MedicalResearch.com Interview with:
alcohol-cdc-image
Edith V. Sullivan, Ph.D.
Professor
Department of Psychiatry & Behavioral Sciences
Stanford University School of Medicine
Stanford, CA 94305-5723 

MedicalResearch.com: What is the background for this study? What are the main findings?

Response: Alcohol misuse is a major public health problem worldwide with profound health consequences on the body, brain, and function. Our research group has conducted naturalistic yet controlled studies of alcohol dependence for several decades to further our understanding of when and how alcohol misuse affects specific parts of the brain.  In addition, we wanted to know how alcohol misuse interacts with the typical changes in the brain as we grow older.  The studies are controlled in that we recruit healthy, non-alcohol dependence men and women from the community to undergo the same screening and neuroimaging procedures as our alcoholic recruits.  The studies are quantitative because we use neuroimaging methods (Magnetic Resonance Imaging) that enable us to measure specific regions of brain structural volumes.  Consistent collection of such data over the years positioned us to ask whether age and alcohol dependence interact to produce regional brain volume loss beyond the loss that occurs in normal aging.

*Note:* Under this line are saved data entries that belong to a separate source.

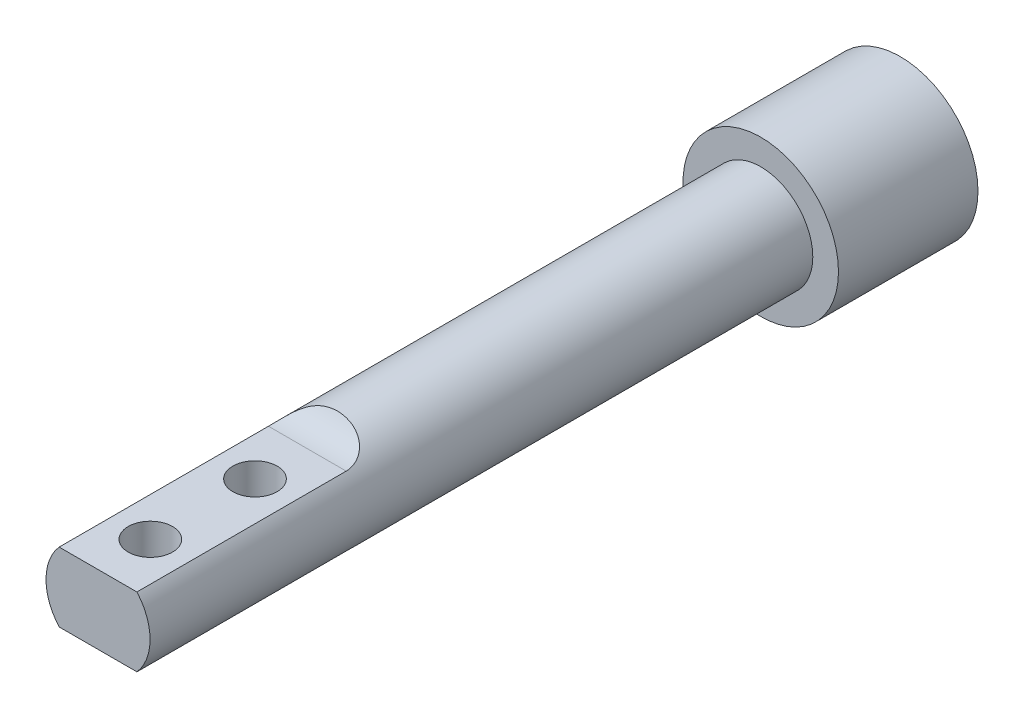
ISO-10303-21;
HEADER;
FILE_DESCRIPTION(('STEP AP214'),'2;1');
FILE_NAME('part.step','',(''),(''),'','','');
FILE_SCHEMA(('AUTOMOTIVE_DESIGN { 1 0 10303 214 1 1 1 1 }'));
ENDSEC;
DATA;
#1=APPLICATION_CONTEXT('core data for automotive mechanical design processes');
#2=APPLICATION_PROTOCOL_DEFINITION('international standard','automotive_design',2000,#1);
#3=PRODUCT_CONTEXT('',#1,'mechanical');
#4=PRODUCT('Part','Part','',(#3));
#5=PRODUCT_RELATED_PRODUCT_CATEGORY('part','',(#4));
#6=PRODUCT_DEFINITION_FORMATION('','',#4);
#7=PRODUCT_DEFINITION_CONTEXT('part definition',#1,'design');
#8=PRODUCT_DEFINITION('design','',#6,#7);
#9=PRODUCT_DEFINITION_SHAPE('','',#8);
#10=(LENGTH_UNIT() NAMED_UNIT(*) SI_UNIT(.MILLI.,.METRE.));
#11=(NAMED_UNIT(*) PLANE_ANGLE_UNIT() SI_UNIT($,.RADIAN.));
#12=(NAMED_UNIT(*) SI_UNIT($,.STERADIAN.) SOLID_ANGLE_UNIT());
#13=UNCERTAINTY_MEASURE_WITH_UNIT(LENGTH_MEASURE(1.E-05),#10,'distance_accuracy_value','');
#14=(GEOMETRIC_REPRESENTATION_CONTEXT(3) GLOBAL_UNCERTAINTY_ASSIGNED_CONTEXT((#13)) GLOBAL_UNIT_ASSIGNED_CONTEXT((#10,
#11,#12)) REPRESENTATION_CONTEXT('',''));
#15=CARTESIAN_POINT('',(0.,0.,0.));
#16=DIRECTION('',(0.,0.,1.));
#17=DIRECTION('',(1.,0.,0.));
#18=AXIS2_PLACEMENT_3D('',#15,#16,#17);
#19=CARTESIAN_POINT('',(0.,0.,-60.325));
#20=DIRECTION('',(0.,0.,1.));
#21=DIRECTION('',(1.,0.,0.));
#22=AXIS2_PLACEMENT_3D('',#19,#20,#21);
#23=CYLINDRICAL_SURFACE('',#22,4.7371);
#24=CARTESIAN_POINT('',(0.,0.,-60.325));
#25=DIRECTION('',(0.,0.,1.));
#26=DIRECTION('',(1.,0.,0.));
#27=AXIS2_PLACEMENT_3D('',#24,#25,#26);
#28=CIRCLE('',#27,4.7371);
#29=CARTESIAN_POINT('',(4.7371,0.,-60.325));
#30=VERTEX_POINT('',#29);
#31=EDGE_CURVE('E98',#30,#30,#28,.T.);
#32=ORIENTED_EDGE('',*,*,#31,.T.);
#33=EDGE_LOOP('',(#32));
#34=FACE_BOUND('',#33,.T.);
#35=CARTESIAN_POINT('',(0.,0.,0.));
#36=DIRECTION('',(0.,0.,1.));
#37=DIRECTION('',(1.,0.,0.));
#38=AXIS2_PLACEMENT_3D('',#35,#36,#37);
#39=CIRCLE('',#38,4.7371);
#40=CARTESIAN_POINT('',(3.53838045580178,-3.1496,0.));
#41=VERTEX_POINT('',#40);
#42=CARTESIAN_POINT('',(3.53838045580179,3.1496,0.));
#43=VERTEX_POINT('',#42);
#44=EDGE_CURVE('E89',#41,#43,#39,.T.);
#45=ORIENTED_EDGE('',*,*,#44,.F.);
#46=DIRECTION('',(0.,0.,1.));
#47=VECTOR('',#46,1.);
#48=CARTESIAN_POINT('',(3.53838045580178,-3.1496,-60.325));
#49=LINE('',#48,#47);
#50=CARTESIAN_POINT('',(3.53838045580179,-3.1496,-19.05));
#51=VERTEX_POINT('',#50);
#52=EDGE_CURVE('E51',#41,#51,#49,.F.);
#53=ORIENTED_EDGE('',*,*,#52,.T.);
#54=CARTESIAN_POINT('',(0.,-4.7371,-21.7996306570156));
#55=CARTESIAN_POINT('',(-0.110575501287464,-4.73709960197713,-21.7996313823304));
#56=CARTESIAN_POINT('',(-0.221175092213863,-4.73322359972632,-21.7974037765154));
#57=CARTESIAN_POINT('',(-0.441694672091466,-4.71775885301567,-21.7883873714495));
#58=CARTESIAN_POINT('',(-0.551614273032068,-4.70616605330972,-21.7815961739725));
#59=CARTESIAN_POINT('',(-0.770291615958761,-4.67535997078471,-21.7631082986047));
#60=CARTESIAN_POINT('',(-0.879045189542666,-4.65612521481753,-21.7513977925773));
#61=CARTESIAN_POINT('',(-1.09424801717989,-4.61029694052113,-21.7225499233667));
#62=CARTESIAN_POINT('',(-1.20069761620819,-4.58370453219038,-21.7054133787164));
#63=CARTESIAN_POINT('',(-1.41113812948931,-4.52336855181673,-21.6648652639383));
#64=CARTESIAN_POINT('',(-1.51510782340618,-4.48957831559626,-21.6414124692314));
#65=CARTESIAN_POINT('',(-1.71886891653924,-4.41558086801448,-21.5873942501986));
#66=CARTESIAN_POINT('',(-1.81865966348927,-4.37537265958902,-21.5568277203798));
#67=CARTESIAN_POINT('',(-2.0126661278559,-4.28958022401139,-21.4876919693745));
#68=CARTESIAN_POINT('',(-2.10689747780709,-4.24401226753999,-21.4491467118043));
#69=CARTESIAN_POINT('',(-2.28885449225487,-4.14871257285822,-21.3630628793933));
#70=CARTESIAN_POINT('',(-2.37658390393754,-4.09898326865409,-21.315529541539));
#71=CARTESIAN_POINT('',(-2.57304705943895,-3.97955030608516,-21.1926587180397));
#72=CARTESIAN_POINT('',(-2.6787459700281,-3.90881654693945,-21.1133667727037));
#73=CARTESIAN_POINT('',(-2.8734943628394,-3.76797268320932,-20.9360168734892));
#74=CARTESIAN_POINT('',(-2.96255379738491,-3.69786222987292,-20.8379702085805));
#75=CARTESIAN_POINT('',(-3.12246328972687,-3.56388916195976,-20.6232643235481));
#76=CARTESIAN_POINT('',(-3.19322136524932,-3.5000590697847,-20.5065156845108));
#77=CARTESIAN_POINT('',(-3.31498630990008,-3.38497531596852,-20.2574840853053));
#78=CARTESIAN_POINT('',(-3.36599387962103,-3.333721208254,-20.1252016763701));
#79=CARTESIAN_POINT('',(-3.44474766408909,-3.25219476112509,-19.861392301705));
#80=CARTESIAN_POINT('',(-3.4741240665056,-3.22049121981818,-19.7307893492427));
#81=CARTESIAN_POINT('',(-3.51682460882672,-3.17381110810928,-19.4640874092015));
#82=CARTESIAN_POINT('',(-3.53015107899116,-3.15883210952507,-19.3279892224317));
#83=CARTESIAN_POINT('',(-3.54087419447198,-3.14680564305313,-19.0578948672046));
#84=CARTESIAN_POINT('',(-3.53866984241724,-3.14930902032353,-18.9239340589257));
#85=CARTESIAN_POINT('',(-3.51922744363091,-3.17101941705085,-18.6584901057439));
#86=CARTESIAN_POINT('',(-3.50199110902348,-3.19022453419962,-18.5270066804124));
#87=CARTESIAN_POINT('',(-3.45221988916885,-3.24401318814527,-18.2704020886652));
#88=CARTESIAN_POINT('',(-3.41970352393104,-3.27857810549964,-18.1452734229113));
#89=CARTESIAN_POINT('',(-3.33908329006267,-3.3606437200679,-17.9046869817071));
#90=CARTESIAN_POINT('',(-3.29098165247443,-3.40814256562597,-17.7892278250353));
#91=CARTESIAN_POINT('',(-3.17880729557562,-3.51300592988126,-17.5699826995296));
#92=CARTESIAN_POINT('',(-3.11461497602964,-3.57044328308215,-17.4662929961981));
#93=CARTESIAN_POINT('',(-2.97117272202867,-3.69066226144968,-17.2735078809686));
#94=CARTESIAN_POINT('',(-2.89192065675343,-3.75344464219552,-17.1844145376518));
#95=CARTESIAN_POINT('',(-2.71518235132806,-3.88336696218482,-17.0170607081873));
#96=CARTESIAN_POINT('',(-2.61694573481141,-3.95055992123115,-16.9396383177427));
#97=CARTESIAN_POINT('',(-2.40765202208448,-4.08149355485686,-16.8009514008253));
#98=CARTESIAN_POINT('',(-2.2965883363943,-4.14523243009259,-16.7396952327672));
#99=CARTESIAN_POINT('',(-2.04760993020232,-4.2743132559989,-16.6239915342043));
#100=CARTESIAN_POINT('',(-1.90812376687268,-4.3385909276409,-16.571755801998));
#101=CARTESIAN_POINT('',(-1.61918237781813,-4.45450733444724,-16.4831496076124));
#102=CARTESIAN_POINT('',(-1.46972049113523,-4.50613751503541,-16.4467898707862));
#103=CARTESIAN_POINT('',(-1.22516144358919,-4.57692704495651,-16.3991009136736));
#104=CARTESIAN_POINT('',(-1.1321865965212,-4.60082007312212,-16.3835742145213));
#105=CARTESIAN_POINT('',(-0.944352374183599,-4.64301308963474,-16.3567637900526));
#106=CARTESIAN_POINT('',(-0.849492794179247,-4.66131246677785,-16.3454805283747));
#107=CARTESIAN_POINT('',(-0.65841656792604,-4.69211872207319,-16.3267751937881));
#108=CARTESIAN_POINT('',(-0.562199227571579,-4.70462251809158,-16.3193551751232));
#109=CARTESIAN_POINT('',(-0.368967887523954,-4.72370678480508,-16.3081232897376));
#110=CARTESIAN_POINT('',(-0.271953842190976,-4.73028691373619,-16.3043116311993));
#111=CARTESIAN_POINT('',(-0.0633002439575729,-4.73799038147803,-16.299850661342));
#112=CARTESIAN_POINT('',(0.0483875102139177,-4.73816653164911,-16.2997502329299));
#113=CARTESIAN_POINT('',(0.271416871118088,-4.73063438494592,-16.3041091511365));
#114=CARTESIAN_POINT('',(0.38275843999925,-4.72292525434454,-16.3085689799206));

A number of cross-sectional studies pointed to the likelihood that the effects of alcohol dependence on brain structure would be exacerbated by normal aging, which we do know from longitudinal neuroimaging studies results in shrinkage of cortical gray matter volume and thinning of the cortex. What was particularly striking about our longitudinal study of men and women with alcohol dependence was the acceleration of the aging of brain structure that was especially prominent in the frontal cortex.  Critically, even those who initiated dependent drinking at an older age showed accelerated loss.

Because our study sample was large enough, we could also test whether our findings were attributable to conditions that commonly co-occur with alcohol dependence, namely, illicit drug use and hepatitis C.  Although both drug use and hepatitis C infection may have exacerbated brain volume loss, these factors did not fully account for the alcoholism-aging interaction we identified.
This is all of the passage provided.